Гуп пожал плечами и побрел через входную дверь на улицу, не переставая ухмыляться и шаркая огромными ботинками по деревянному полу.
– Знаю, что ты городская девушка, – сказала Энни, обращаясь к Джерике, – И возможно, тебе не нравится то, как я разговариваю с Гупом. Но ты должна понимать, что Гуп – лучший мастер на все руки в этих местах, однако он слегка тугой на голову, и может быть немного несдержанным при симпатичных женщинах.
– Понимаю, – сказала Джеррика. Еще одна местная черта, еще один стереотип. Тугой на голову? Что ж, с виду в штанах у него все в порядке, – дерзко подумала она, не в силах проигнорировать значительное утолщение у Гупа между ног... Она всегда обращала внимание на это место у мужчин. То, на что она не могла не посмотреть, пусть даже неосознанно. Промежность у Гупа выглядела так, будто он затолкал себе в трусы весь спортивный раздел «Вашингтон пост».
– Пойдемте наверх, девочки, – предложила Энни. Она обняла Чэрити за плечо и повела их за занавеску к винтовой лестнице. – Я покажу вам ваши комнаты.
Чэрити, в свою очередь, обняла Энни за стройную спину.
– Много сейчас у тебя жильцов? – спросила она.
– Нет, милая, сейчас никого, но у меня есть заказ на завтра. – В этот момент Энни остановилась и оглянулась через плечо на Джеррику.
– Кстати, это священник, – сказала Энни. – Остановится здесь где-то на неделю.
– Священник? – спросила Джеррика.
– Верно, дорогая.

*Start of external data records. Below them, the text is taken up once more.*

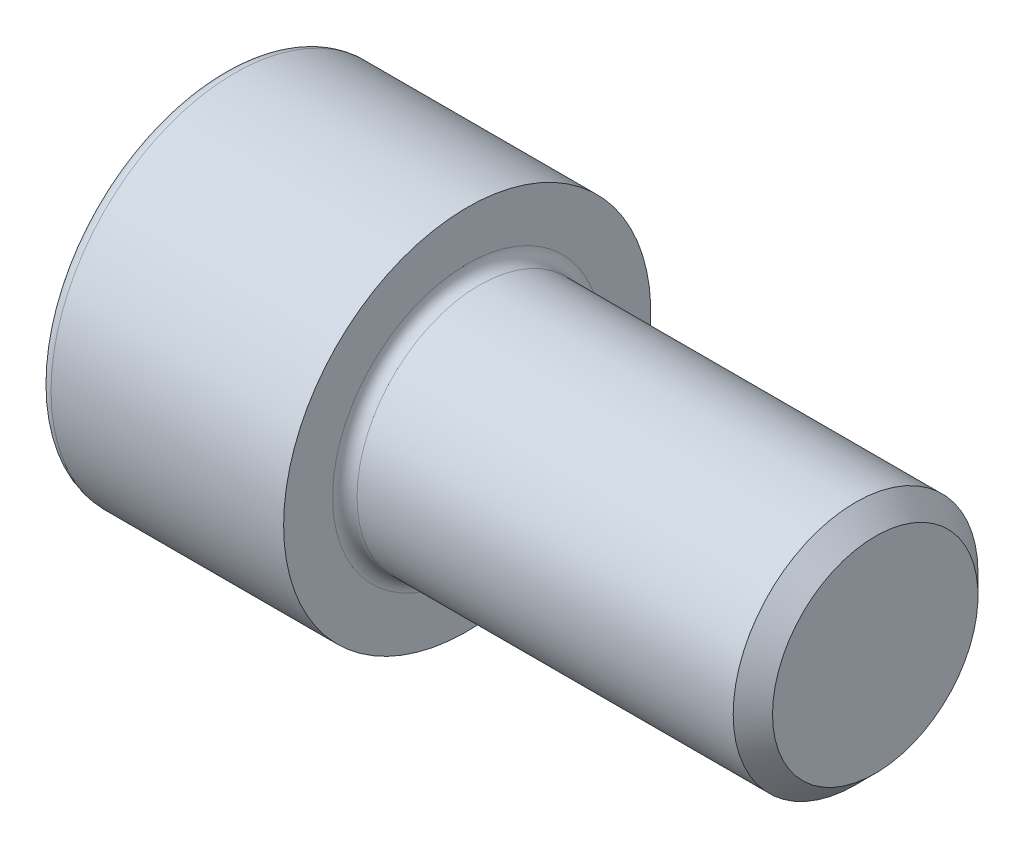
ISO-10303-21;
HEADER;
FILE_DESCRIPTION(('STEP AP214'),'2;1');
FILE_NAME('part.step','',(''),(''),'','','');
FILE_SCHEMA(('AUTOMOTIVE_DESIGN { 1 0 10303 214 1 1 1 1 }'));
ENDSEC;
DATA;
#1=APPLICATION_CONTEXT('core data for automotive mechanical design processes');
#2=APPLICATION_PROTOCOL_DEFINITION('international standard','automotive_design',2000,#1);
#3=PRODUCT_CONTEXT('',#1,'mechanical');
#4=PRODUCT('Part','Part','',(#3));
#5=PRODUCT_RELATED_PRODUCT_CATEGORY('part','',(#4));
#6=PRODUCT_DEFINITION_FORMATION('','',#4);
#7=PRODUCT_DEFINITION_CONTEXT('part definition',#1,'design');
#8=PRODUCT_DEFINITION('design','',#6,#7);
#9=PRODUCT_DEFINITION_SHAPE('','',#8);
#10=(LENGTH_UNIT() NAMED_UNIT(*) SI_UNIT(.MILLI.,.METRE.));
#11=(NAMED_UNIT(*) PLANE_ANGLE_UNIT() SI_UNIT($,.RADIAN.));
#12=(NAMED_UNIT(*) SI_UNIT($,.STERADIAN.) SOLID_ANGLE_UNIT());
#13=UNCERTAINTY_MEASURE_WITH_UNIT(LENGTH_MEASURE(1.E-05),#10,'distance_accuracy_value','');
#14=(GEOMETRIC_REPRESENTATION_CONTEXT(3) GLOBAL_UNCERTAINTY_ASSIGNED_CONTEXT((#13)) GLOBAL_UNIT_ASSIGNED_CONTEXT((#10,
#11,#12)) REPRESENTATION_CONTEXT('',''));
#15=CARTESIAN_POINT('',(0.,0.,0.));
#16=DIRECTION('',(0.,0.,1.));
#17=DIRECTION('',(1.,0.,0.));
#18=AXIS2_PLACEMENT_3D('',#15,#16,#17);
#19=CARTESIAN_POINT('',(0.,0.,0.));
#20=DIRECTION('',(-1.,0.,0.));
#21=DIRECTION('',(0.,0.,1.));
#22=AXIS2_PLACEMENT_3D('',#19,#20,#21);
#23=PLANE('',#22);
#24=DIRECTION('',(0.,-0.499999999999999,0.866025403784439));
#25=VECTOR('',#24,1.);
#26=CARTESIAN_POINT('',(0.,5.83989797285306,0.));
#27=LINE('',#26,#25);
#28=CARTESIAN_POINT('',(0.,5.83989797285306,0.));
#29=VERTEX_POINT('',#28);
#30=CARTESIAN_POINT('',(0.,2.91994898642654,5.05749999999999));
#31=VERTEX_POINT('',#30);
#32=EDGE_CURVE('E258',#29,#31,#27,.T.);
#33=ORIENTED_EDGE('',*,*,#32,.T.);
#34=DIRECTION('',(0.,1.,0.));
#35=VECTOR('',#34,1.);
#36=CARTESIAN_POINT('',(0.,-2.91994898642653,5.0575));
#37=LINE('',#36,#35);
#38=CARTESIAN_POINT('',(0.,-2.91994898642653,5.0575));
#39=VERTEX_POINT('',#38);
#40=EDGE_CURVE('E130',#39,#31,#37,.T.);
#41=ORIENTED_EDGE('',*,*,#40,.F.);
#42=DIRECTION('',(0.,-0.500000000000001,-0.866025403784438));
#43=VECTOR('',#42,1.);
#44=CARTESIAN_POINT('',(0.,-2.91994898642653,5.0575));
#45=LINE('',#44,#43);
#46=CARTESIAN_POINT('',(0.,-5.83989797285307,0.));
#47=VERTEX_POINT('',#46);
#48=EDGE_CURVE('E261',#39,#47,#45,.T.);
#49=ORIENTED_EDGE('',*,*,#48,.T.);
#50=DIRECTION('',(0.,0.499999999999999,-0.866025403784439));
#51=VECTOR('',#50,1.);
#52=CARTESIAN_POINT('',(0.,-5.83989797285307,0.));
#53=LINE('',#52,#51);
#54=CARTESIAN_POINT('',(0.,-2.91994898642654,-5.0575));
#55=VERTEX_POINT('',#54);
#56=EDGE_CURVE('E264',#47,#55,#53,.T.);
#57=ORIENTED_EDGE('',*,*,#56,.T.);
#58=DIRECTION('',(0.,-1.,0.));
#59=VECTOR('',#58,1.);
#60=CARTESIAN_POINT('',(0.,2.91994898642652,-5.05750000000001));
#61=LINE('',#60,#59);
#62=CARTESIAN_POINT('',(0.,2.91994898642652,-5.05750000000001));
#63=VERTEX_POINT('',#62);
#64=EDGE_CURVE('E267',#63,#55,#61,.T.);
#65=ORIENTED_EDGE('',*,*,#64,.F.);
#66=DIRECTION('',(0.,-0.500000000000001,-0.866025403784438));
#67=VECTOR('',#66,1.);
#68=CARTESIAN_POINT('',(0.,5.83989797285306,0.));
#69=LINE('',#68,#67);
#70=EDGE_CURVE('E125',#29,#63,#69,.T.);
#71=ORIENTED_EDGE('',*,*,#70,.F.);
#72=EDGE_LOOP('',(#33,#41,#49,#57,#65,#71));
#73=FACE_BOUND('',#72,.T.);
#74=CARTESIAN_POINT('',(0.,0.,0.));
#75=DIRECTION('',(-1.,0.,0.));
#76=DIRECTION('',(0.,0.,1.));
#77=AXIS2_PLACEMENT_3D('',#74,#75,#76);
#78=CIRCLE('',#77,8.4);
#79=CARTESIAN_POINT('',(0.,0.,8.4));
#80=VERTEX_POINT('',#79);
#81=EDGE_CURVE('E42',#80,#80,#78,.T.);
#82=ORIENTED_EDGE('',*,*,#81,.T.);
#83=EDGE_LOOP('',(#82));
#84=FACE_BOUND('',#83,.T.);
#85=ADVANCED_FACE('F34',(#73,#84),#23,.T.);
#86=CARTESIAN_POINT('',(-31.75,0.,0.));
#87=DIRECTION('',(-1.,0.,0.));
#88=DIRECTION('',(0.,0.,1.));
#89=AXIS2_PLACEMENT_3D('',#86,#87,#88);
#90=CYLINDRICAL_SURFACE('',#89,9.);
#91=CARTESIAN_POINT('',(0.600000000000003,0.,0.));
#92=DIRECTION('',(-1.,0.,0.));
#93=DIRECTION('',(0.,0.,1.));
#94=AXIS2_PLACEMENT_3D('',#91,#92,#93);
#95=CIRCLE('',#94,9.);
#96=CARTESIAN_POINT('',(0.600000000000003,0.,9.));
#97=VERTEX_POINT('',#96);
#98=EDGE_CURVE('E11',#97,#97,#95,.F.);
#99=ORIENTED_EDGE('',*,*,#98,.T.);
#100=EDGE_LOOP('',(#99));
#101=FACE_BOUND('',#100,.T.);
#102=CARTESIAN_POINT('',(12.,0.,0.));
#103=DIRECTION('',(-1.,0.,0.));
#104=DIRECTION('',(0.,0.,1.));
#105=AXIS2_PLACEMENT_3D('',#102,#103,#104);
#106=CIRCLE('',#105,9.);
#107=CARTESIAN_POINT('',(12.,0.,9.));
#108=VERTEX_POINT('',#107);
#109=EDGE_CURVE('E148',#108,#108,#106,.T.);
#110=ORIENTED_EDGE('',*,*,#109,.T.);
#111=EDGE_LOOP('',(#110));
#112=FACE_BOUND('',#111,.T.);
#113=ADVANCED_FACE('F172',(#101,#112),#90,.T.);
#114=CARTESIAN_POINT('',(12.,9.,0.));
#115=DIRECTION('',(1.,0.,0.));
#116=DIRECTION('',(0.,0.,-1.));
#117=AXIS2_PLACEMENT_3D('',#114,#115,#116);
#118=PLANE('',#117);
#119=CARTESIAN_POINT('',(12.,0.,0.));
#120=DIRECTION('',(1.,0.,0.));
#121=DIRECTION('',(0.,0.,-1.));
#122=AXIS2_PLACEMENT_3D('',#119,#120,#121);
#123=CIRCLE('',#122,6.6);
#124=CARTESIAN_POINT('',(12.,0.,-6.6));
#125=VERTEX_POINT('',#124);
#126=EDGE_CURVE('E151',#125,#125,#123,.F.);
#127=ORIENTED_EDGE('',*,*,#126,.T.);
#128=EDGE_LOOP('',(#127));
#129=FACE_BOUND('',#128,.T.);
#130=ORIENTED_EDGE('',*,*,#109,.F.);
#131=EDGE_LOOP('',(#130));
#132=FACE_BOUND('',#131,.T.);
#133=ADVANCED_FACE('F178',(#129,#132),#118,.T.);
#134=CARTESIAN_POINT('',(-31.75,0.,0.));
#135=DIRECTION('',(-1.,0.,0.));
#136=DIRECTION('',(0.,0.,1.));
#137=AXIS2_PLACEMENT_3D('',#134,#135,#136);
#138=CYLINDRICAL_SURFACE('',#137,6.);
#139=CARTESIAN_POINT('',(12.6,0.,0.));
#140=DIRECTION('',(1.,0.,0.));
#141=DIRECTION('',(0.,0.,-1.));
#142=AXIS2_PLACEMENT_3D('',#139,#140,#141);
#143=CIRCLE('',#142,6.);
#144=CARTESIAN_POINT('',(12.6,0.,-6.));
#145=VERTEX_POINT('',#144);
#146=EDGE_CURVE('E154',#145,#145,#143,.T.);
#147=ORIENTED_EDGE('',*,*,#146,.T.);
#148=EDGE_LOOP('',(#147));
#149=FACE_BOUND('',#148,.T.);
#150=CARTESIAN_POINT('',(31.036,0.,0.));
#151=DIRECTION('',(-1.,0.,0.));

Католический священник... приезжает из самого Ричмонда.
Для чего, интересно? Джеррика нахмурилась. Священник? Приезжает сюда? Зачем? Но Джеррике даже не пришлось спрашивать.
Продолжив подъем по лестнице, Энни закончила свое откровение.
– Он приезжает, чтобы вновь открыть Роксетерское аббатство.